1Division of Neurosurgery, Department of Clinical Neurosciences, Addenbrooke's Hospital, University of Cambridge, Cambridge, United Kingdom. 2Department of Neurosurgery, University of Groningen, University Medical Centre Groningen, Groningen, The Netherlands. 3Department of Critical Care, University of Groningen, University Medical Centre Groningen, Groningen, The Netherlands. 4Department of Intensive Care, Neurocritical Care Unit, Hospital Sao Joao, Porto, Portugal.
Crit Care Med. 2015 Sep;43(9):1952-63. doi: 10.1097/CCM.0000000000001165.
Recently, a concept of an individually targeted level of cerebral perfusion pressure that aims to restore impaired cerebral vasoreactivity has been advocated after traumatic brain injury. The relationship between cerebral perfusion pressure and pressure reactivity index normally is supposed to have a U-shape with its minimum interpreted as the value of "optimal" cerebral perfusion pressure. The aim of this study is to investigate the relation between the absence of the optimal cerebral perfusion pressure curve and physiological variables, clinical factors, and interventions.
Retrospective analysis of prospectively collected data.
Neurocritical care units in two university centers.
Between May 2012 and December 2013, a total of 48 traumatic brain injury patients were studied with real-time annotation of predefined clinical events.
None.
All patients had continuous monitoring of arterial blood pressure, intracranial pressure, and cerebral perfusion pressure, with real-time calculations of pressure reactivity index and optimal cerebral perfusion pressure using ICM+ software (Cambridge Enterprise, University of Cambridge, Cambridge, UK). Selected clinical events were inserted on a daily basis, including changes in physiological variables, sedativeanalgesic drugs, vasoactive drugs, and medical/surgical therapies for intracranial hypertension. The collected data were divided into 4-hour periods, with the primary outcome being absence of the optimal cerebral perfusion pressure curve. For every period, mean values (± SDs) of arterial blood pressure, intracranial pressure, pressure reactivity index, and other physiological variables were calculated; clinical events were organized using predefined scales. In 28% of all 1,561 periods, an optimal cerebral perfusion pressure curve was absent. A generalized linear mixed model with binary logistic regression was fitted. Absence of slow arterial blood pressure waves (odds ratio, 2.7; p < 0.001), higher pressure reactivity index values (odds ratio, 2.9; p < 0.001), lower amount of sedative-analgesic drugs (odds ratio, 1.9; p = 0.03), higher vasoactive medication dose (odds ratio, 3.2; p = 0.02), no administration of maintenance neuromuscular blockers (odds ratio, 1.7; p < 0.01), and following decompressive craniectomy (odds ratio, 1.8; p < 0.01) were independently associated with optimal cerebral perfusion pressure curve absence.
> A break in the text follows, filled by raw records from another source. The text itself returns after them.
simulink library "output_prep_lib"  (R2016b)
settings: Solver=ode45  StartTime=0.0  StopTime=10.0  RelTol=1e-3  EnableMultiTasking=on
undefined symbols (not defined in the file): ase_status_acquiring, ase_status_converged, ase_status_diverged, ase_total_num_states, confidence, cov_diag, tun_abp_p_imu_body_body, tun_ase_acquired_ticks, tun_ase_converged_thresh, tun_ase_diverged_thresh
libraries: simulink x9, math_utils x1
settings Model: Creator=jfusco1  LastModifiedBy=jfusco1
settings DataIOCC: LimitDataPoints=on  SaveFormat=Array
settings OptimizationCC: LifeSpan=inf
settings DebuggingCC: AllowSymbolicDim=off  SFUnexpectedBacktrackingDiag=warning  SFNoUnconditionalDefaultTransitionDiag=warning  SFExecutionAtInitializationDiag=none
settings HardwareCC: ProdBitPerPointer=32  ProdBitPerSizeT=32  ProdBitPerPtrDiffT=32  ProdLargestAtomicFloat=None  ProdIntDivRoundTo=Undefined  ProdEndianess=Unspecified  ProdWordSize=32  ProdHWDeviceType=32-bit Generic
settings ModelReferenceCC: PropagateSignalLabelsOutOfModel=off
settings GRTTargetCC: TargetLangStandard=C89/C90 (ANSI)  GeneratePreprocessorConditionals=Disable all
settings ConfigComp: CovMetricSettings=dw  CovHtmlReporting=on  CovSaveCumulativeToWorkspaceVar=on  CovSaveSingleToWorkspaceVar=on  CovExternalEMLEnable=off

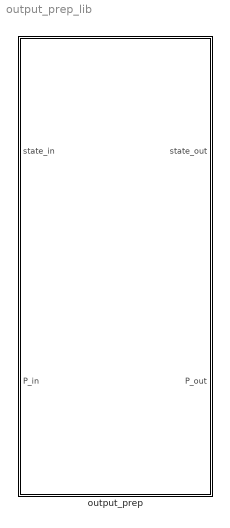
== system output_prep_lib ==
  output_prep : Subsystem

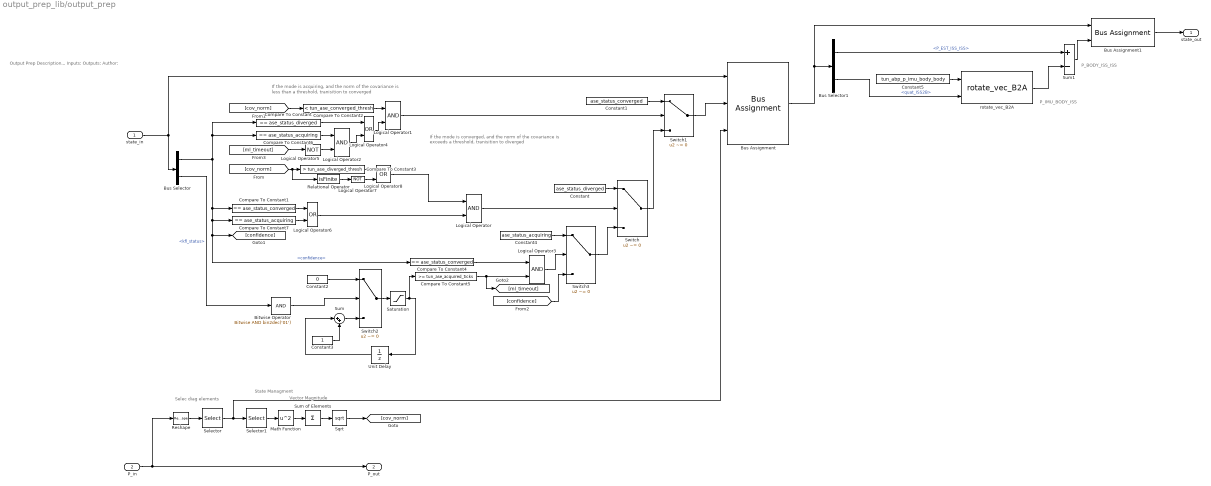
== system output_prep_lib/output_prep ==
  note: P_BODY_ISS_ISS
  note: If the mode is converged, and the norm of the covariance
      | is exceeds a threshold, tranisition to diverged
  note: If the mode is acquiring, and the norm of the covariance
      | is less than a threshold, tranisition to converged
  note: Vector Magnitude
  note: Selec diag elements
  note: Output Prep
      | Description...
      |
      | Inputs:
      |
      | Outputs:
      |
      | Author:
  note: State Managment
  note: P_IMU_BODY_ISS
  state_in : Inport  OutDataTypeStr=Bus: kfl_msg
  P_in : Inport  Port=2  OutDataTypeStr=ase_cov_datatype
  Bitwise Operator : simulink/Logic and Bit Operations/Bitwise Operator  logicop=AND  UseBitMask=on  BitMask=bin2dec('01')  BitMaskRealWorld=Stored Integer
  Bus Assignment : BusAssignment  AssignedSignals=confidence,cov_diag
  Bus Assignment1 : BusAssignment  AssignedSignals=P_B_ISS_ISS
  Bus Selector : BusSelector  OutputSignals=confidence,kfl_status
  Bus Selector1 : BusSelector  OutputSignals=P_EST_ISS_ISS,quat_ISS2B
  Compare To Constant : simulink/Logic and Bit Operations/Compare To Constant  relop===  const=ase_status_diverged  OutDataTypeStr=boolean
  Compare To Constant1 : simulink/Logic and Bit Operations/Compare To Constant  relop===  const=ase_status_converged  OutDataTypeStr=boolean
  Compare To Constant2 : simulink/Logic and Bit Operations/Compare To Constant  relop=<  const=tun_ase_converged_thresh  OutDataTypeStr=boolean
  Compare To Constant3 : simulink/Logic and Bit Operations/Compare To Constant  relop=>  const=tun_ase_diverged_thresh  OutDataTypeStr=boolean
  Compare To Constant4 : simulink/Logic and Bit Operations/Compare To Constant  relop===  const=ase_status_converged  OutDataTypeStr=boolean
  Compare To Constant5 : simulink/Logic and Bit Operations/Compare To Constant  relop=>=  const=tun_ase_acquired_ticks  OutDataTypeStr=boolean
  Compare To Constant6 : simulink/Logic and Bit Operations/Compare To Constant  relop===  const=ase_status_acquiring  OutDataTypeStr=boolean
  Compare To Constant7 : simulink/Logic and Bit Operations/Compare To Constant  relop===  const=ase_status_acquiring  OutDataTypeStr=boolean
  Constant : Constant  Value=ase_status_diverged
  Constant1 : Constant  Value=ase_status_converged
  Constant2 : Constant  Value=0
  Constant3 : Constant
  Constant4 : Constant  Value=ase_status_acquiring
  Constant5 : Constant  Value=tun_abp_p_imu_body_body
  Logical Operator{,1..3} (4 alike) : Logic  AllPortsSameDT=off  OutDataTypeStr=boolean
  Logical Operator4 : Logic  Operator=OR  AllPortsSameDT=off  OutDataTypeStr=boolean
  Logical Operator5 : Logic  Operator=NOT  AllPortsSameDT=off  OutDataTypeStr=boolean
  Logical Operator6 : Logic  Operator=OR  AllPortsSameDT=off  OutDataTypeStr=boolean
  Logical Operator7 : Logic  Operator=NOT  Inputs=1  AllPortsSameDT=off  OutDataTypeStr=boolean
  Logical Operator8 : Logic  Operator=OR  AllPortsSameDT=off  OutDataTypeStr=boolean
  Math Function : Math  Operator=square  SaturateOnIntegerOverflow=on
  Relational Operator : RelationalOperator  Operator=isFinite  OutDataTypeStr=boolean  RndMeth=Nearest
  Reshape : Reshape  OutputDimensions=[21*21]
  Saturation : Saturate  UpperLimit=tun_ase_acquired_ticks  LowerLimit=0
  Selector : Selector  InputPortWidth=ase_total_num_states^2  IndexOptions=Index vector (dialog)  Indices=ase_diag_indx  OutputSizes=1
  Selector1 : Selector  InputPortWidth=ase_total_num_states  IndexOptions=Index vector (dialog)  Indices=13:15  OutputSizes=1
  Sqrt : Sqrt  SaturateOnIntegerOverflow=on
  Sum : Sum  Inputs=|++
  Sum of Elements : Sum  Inputs=+
  Sum1 : Sum  Inputs=+-
  Switch{,1..3} (4 alike) : Switch  Criteria=u2 ~= 0
  Unit Delay : UnitDelay  SampleTime=-1
  rotate_vec_B2A : math_utils/rotate_vec_B2A  SystemSampleTime=-1
  state_out : Outport  OutDataTypeStr=Bus: kfl_msg
  P_out : Outport  Port=2
  wires:
  rotate_vec_B2A/1 -> Sum1/2
  Constant5/1 -> rotate_vec_B2A/1
  Bus Selector1/2 -> rotate_vec_B2A/2  "<quat_ISS2B>"
  Sum1/1 -> Bus Assignment1/2
  Bus Selector1/1 -> Sum1/1  "<P_EST_ISS_ISS>"
  Bus Assignment1/1 -> state_out/1
  Selector/1 -> Selector1/1, Bus Assignment/3
  Switch1/1 -> Bus Assignment/2
  Bus Assignment/1 -> Bus Selector1/1, Bus Assignment1/1
  Constant1/1 -> Switch1/1
  Constant/1 -> Switch/1
  Switch/1 -> Switch1/3
  Logical Operator1/1 -> Switch1/2
  Compare To Constant2/1 -> Logical Operator1/1
  [cov_norm] -> Compare To Constant2/1
  Logical Operator/1 -> Switch/2
  Logical Operator6/1 -> Logical Operator/2
  [cov_norm] -> Relational Operator/1, Compare To Constant3/1
  Sqrt/1 -> [cov_norm]
  Bus Selector/1 -> Compare To Constant6/1, Compare To Constant/1, Compare To Constant7/1, Compare To Constant4/1, [confidence], Compare To Constant1/1  "<confidence>"
  state_in/1 -> Bus Assignment/1, Bus Selector/1
  Sum of Elements/1 -> Sqrt/1
  Math Function/1 -> Sum of Elements/1
  Reshape/1 -> Selector/1
  P_in/1 -> Reshape/1, P_out/1
  Selector1/1 -> Math Function/1
  Bus Selector/2 -> Bitwise Operator/1  "<kfl_status>"
  Constant2/1 -> Switch2/1
  Bitwise Operator/1 -> Switch2/2
  Switch2/1 -> Saturation/1
  Unit Delay/1 -> Sum/1
  Sum/1 -> Switch2/3
  Constant3/1 -> Sum/2
  Saturation/1 -> Compare To Constant5/1, Unit Delay/1
  Compare To Constant4/1 -> Logical Operator3/1
  Compare To Constant5/1 -> [ml_timeout], Logical Operator3/2
  Constant4/1 -> Switch3/1
  Logical Operator3/1 -> Switch3/2
  Switch3/1 -> Switch/3
  [confidence] -> Switch3/3
  Logical Operator4/1 -> Logical Operator1/2
  Compare To Constant/1 -> Logical Operator4/1
  [ml_timeout] -> Logical Operator5/1
  Logical Operator2/1 -> Logical Operator4/2
  Compare To Constant6/1 -> Logical Operator2/1
  Logical Operator5/1 -> Logical Operator2/2
  Compare To Constant1/1 -> Logical Operator6/1
  Compare To Constant7/1 -> Logical Operator6/2
  Relational Operator/1 -> Logical Operator7/1
  Compare To Constant3/1 -> Logical Operator8/1
  Logical Operator7/1 -> Logical Operator8/2
  Logical Operator8/1 -> Logical Operator/1
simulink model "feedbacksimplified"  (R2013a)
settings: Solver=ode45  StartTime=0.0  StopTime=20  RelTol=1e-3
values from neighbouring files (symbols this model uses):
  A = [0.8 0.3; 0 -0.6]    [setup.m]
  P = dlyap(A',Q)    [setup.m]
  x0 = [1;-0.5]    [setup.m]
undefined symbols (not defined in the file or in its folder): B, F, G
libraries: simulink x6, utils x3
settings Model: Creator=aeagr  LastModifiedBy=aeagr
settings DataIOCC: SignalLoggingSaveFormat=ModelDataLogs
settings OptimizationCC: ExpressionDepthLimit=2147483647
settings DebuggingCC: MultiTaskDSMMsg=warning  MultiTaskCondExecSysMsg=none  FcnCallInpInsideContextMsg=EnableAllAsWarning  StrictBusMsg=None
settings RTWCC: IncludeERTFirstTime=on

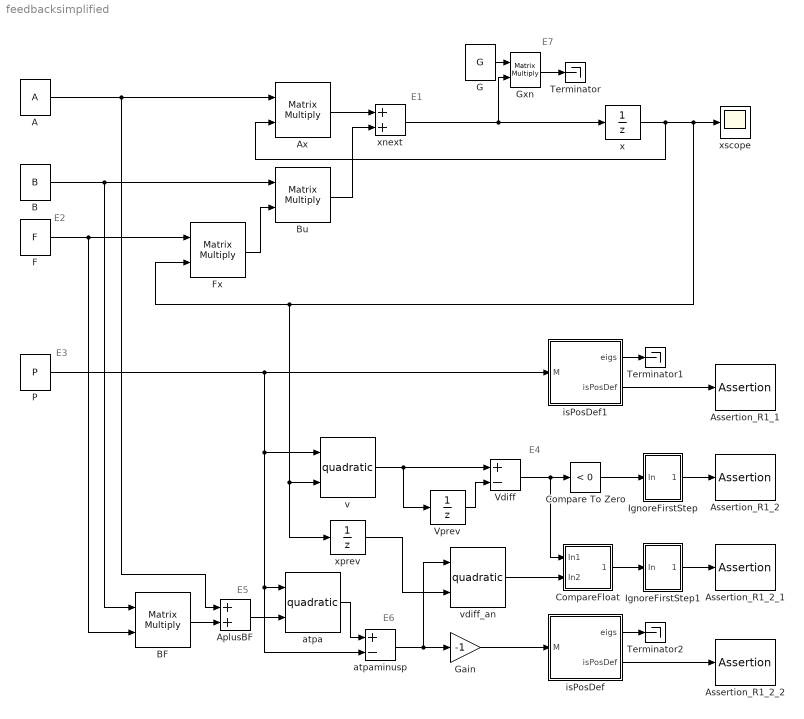
== system feedbacksimplified ==
  note: E7
  note: E6
  note: E5
  note: E4
  note: E3
  note: E2
  note: E1
  A : Constant  Value=A
  AplusBF : Sum
  Assertion_R1_1 : Assertion
  Assertion_R1_2 : Assertion
  Assertion_R1_2_1 : Assertion  Enabled=off
  Assertion_R1_2_2 : Assertion
  Ax : Product  Multiplication=Matrix(*)  RndMeth=Zero
  B : Constant  Value=B
  BF : Product  Multiplication=Matrix(*)  RndMeth=Zero
  Bu : Product  Multiplication=Matrix(*)  RndMeth=Zero
  Compare To Zero : simulink/Logic and Bit Operations/Compare To Zero  relop=<  OutDataTypeStr=boolean
  CompareFloat : Subsystem
  F : Constant  Value=F  VectorParams1D=off
  Fx : Product  Multiplication=Matrix(*)  RndMeth=Zero
  G : Constant  Value=G
  Gain : Gain  Gain=-1
  Gxn : Product  Multiplication=Matrix(*)  RndMeth=Zero
  IgnoreFirstStep : Subsystem  mask(IgnoreFirstStep){}
  IgnoreFirstStep1 : Subsystem  mask(IgnoreFirstStep){}
  P : Constant  Value=P
  Terminator : Terminator
  Terminator1 : Terminator
  Terminator2 : Terminator
  Vdiff : Sum  Inputs=+-  mask(Subtract){}
  Vprev : UnitDelay
  atpa : utils/quadratic  SystemSampleTime=-1
  atpaminusp : Sum  Inputs=+-  mask(Subtract){}
  isPosDef : Subsystem
  isPosDef1 : Subsystem
  v : utils/quadratic  SystemSampleTime=-1
  vdiff_an : utils/quadratic  SystemSampleTime=-1
  x : UnitDelay  InitialCondition=x0
  xnext : Sum
  xprev : UnitDelay  InitialCondition=x0
  xscope : Scope
  wires:
  v/1 -> Vdiff/1, Vprev/1
  Vprev/1 -> Vdiff/2
  IgnoreFirstStep/1(Out) -> Assertion_R1_2/1
  Compare To Zero/1 -> IgnoreFirstStep/1(In)
  atpa/1 -> atpaminusp/1
  vdiff_an/1 -> CompareFloat/2(In2)
  xprev/1 -> vdiff_an/2
  CompareFloat/1(Out1) -> IgnoreFirstStep1/1(In)
  IgnoreFirstStep1/1(Out) -> Assertion_R1_2_1/1
  isPosDef/2(isPosDef) -> Assertion_R1_2_2/1
  Gain/1 -> isPosDef/1(M)
  isPosDef/1(eigs) -> Terminator2/1
  isPosDef1/2(isPosDef) -> Assertion_R1_1/1
  isPosDef1/1(eigs) -> Terminator1/1
  atpaminusp/1 -> vdiff_an/1, Gain/1
  A/1 -> AplusBF/1, Ax/1
  P/1 -> v/1, atpaminusp/2, atpa/1, isPosDef1/1(M)
  Ax/1 -> xnext/1
  Bu/1 -> xnext/2
  B/1 -> BF/1, Bu/1
  Fx/1 -> Bu/2
  x/1 -> Ax/2, Fx/2, v/2, xprev/1, xscope/1
  F/1 -> BF/2, Fx/1
  BF/1 -> AplusBF/2
  AplusBF/1 -> atpa/2
  Vdiff/1 -> CompareFloat/1(In1), Compare To Zero/1
  xnext/1 -> x/1, Gxn/2
  G/1 -> Gxn/1
  Gxn/1 -> Terminator/1

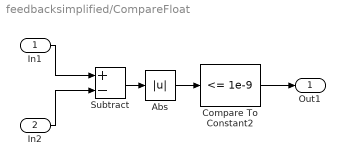
== system feedbacksimplified/CompareFloat ==
  In1 : Inport
  In2 : Inport  Port=2
  Abs : Abs
  Compare To Constant2 : simulink/Logic and Bit Operations/Compare To Constant  relop=<=  const=1e-9  OutDataTypeStr=boolean
  Subtract : Sum  Inputs=+-
  Out1 : Outport
  wires:
  Subtract/1 -> Abs/1
  Abs/1 -> Compare To Constant2/1
  In1/1 -> Subtract/1
  Compare To Constant2/1 -> Out1/1
  In2/1 -> Subtract/2

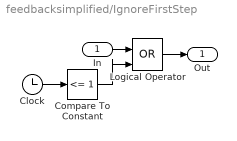
== system feedbacksimplified/IgnoreFirstStep ==
  In : Inport
  Clock : Clock
  Compare To Constant : simulink/Logic and Bit Operations/Compare To Constant  relop=<=  const=1  OutDataTypeStr=boolean
  Logical Operator : Logic  Operator=OR  IconShape=distinctive  AllPortsSameDT=off  OutDataTypeStr=boolean
  Out : Outport
  wires:
  Clock/1 -> Compare To Constant/1
  Compare To Constant/1 -> Logical Operator/2
  In/1 -> Logical Operator/1
  Logical Operator/1 -> Out/1

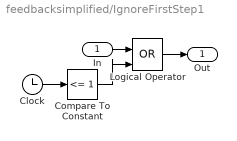
== system feedbacksimplified/IgnoreFirstStep1 ==
  In : Inport
  Clock : Clock
  Compare To Constant : simulink/Logic and Bit Operations/Compare To Constant  relop=<=  const=1  OutDataTypeStr=boolean
  Logical Operator : Logic  Operator=OR  IconShape=distinctive  AllPortsSameDT=off  OutDataTypeStr=boolean
  Out : Outport
  wires:
  Logical Operator/1 -> Out/1
  In/1 -> Logical Operator/1
  Compare To Constant/1 -> Logical Operator/2
  Clock/1 -> Compare To Constant/1

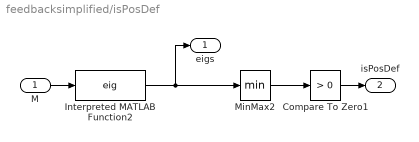
== system feedbacksimplified/isPosDef ==
  M : Inport
  Compare To Zero1 : simulink/Logic and Bit Operations/Compare To Zero  relop=>  OutDataTypeStr=boolean
  Interpreted MATLAB Function2 : MATLABFcn  MATLABFcn=eig
  MinMax2 : MinMax
  eigs : Outport
  isPosDef : Outport  Port=2
  wires:
  MinMax2/1 -> Compare To Zero1/1
  Interpreted MATLAB Function2/1 -> MinMax2/1, eigs/1
  Compare To Zero1/1 -> isPosDef/1
  M/1 -> Interpreted MATLAB Function2/1

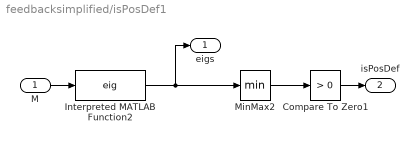
== system feedbacksimplified/isPosDef1 ==
  M : Inport
  Compare To Zero1 : simulink/Logic and Bit Operations/Compare To Zero  relop=>  OutDataTypeStr=boolean
  Interpreted MATLAB Function2 : MATLABFcn  MATLABFcn=eig
  MinMax2 : MinMax
  eigs : Outport
  isPosDef : Outport  Port=2
  wires:
  M/1 -> Interpreted MATLAB Function2/1
  Compare To Zero1/1 -> isPosDef/1
  Interpreted MATLAB Function2/1 -> eigs/1, MinMax2/1
  MinMax2/1 -> Compare To Zero1/1

This study identified six factors that were independently associated with absence of optimal cerebral perfusion pressure curves.
最近,有人提出了一种针对个体脑灌注压水平的概念,旨在恢复创伤性脑损伤后的受损脑血管反应性。脑灌注压和压力反应性指数之间的关系通常呈 U 形,其最小值被解释为“最佳”脑灌注压的值。本研究旨在探讨最佳脑灌注压曲线缺失与生理变量、临床因素和干预措施的关系。
前瞻性收集数据的回顾性分析。
两所大学中心的神经重症监护病房。
2012 年 5 月至 2013 年 12 月,共对 48 例创伤性脑损伤患者进行了研究,并对预先设定的临床事件进行实时注释。
无。
所有患者均连续监测动脉血压、颅内压和脑灌注压,使用 ICM+软件(英国剑桥大学剑桥企业)实时计算压力反应性指数和最佳脑灌注压。每天插入选定的临床事件,包括生理变量、镇静镇痛药物、血管活性药物以及颅内压升高的治疗方法的变化。收集的数据分为 4 小时时段,主要结果是最佳脑灌注压曲线缺失。对于每个时间段,计算平均动脉血压、颅内压、压力反应性指数和其他生理变量的值(平均值±标准差);使用预定的量表对临床事件进行组织。在所有 1561 个时间段中的 28%,没有最佳脑灌注压曲线。采用二元逻辑回归广义线性混合模型进行拟合。缓慢动脉血压波缺失(优势比,2.7;p < 0.001)、较高的压力反应性指数值(优势比,2.9;p < 0.001)、较低的镇静镇痛药物用量(优势比,1.9;p = 0.03)、较高的血管活性药物剂量(优势比,3.2;p = 0.02)、未使用维持性神经肌肉阻滞剂(优势比,1.7;p < 0.01)和去骨瓣减压术(优势比,1.8;p < 0.01)与最佳脑灌注压曲线缺失独立相关。
本研究确定了与最佳脑灌注压曲线缺失独立相关的六个因素。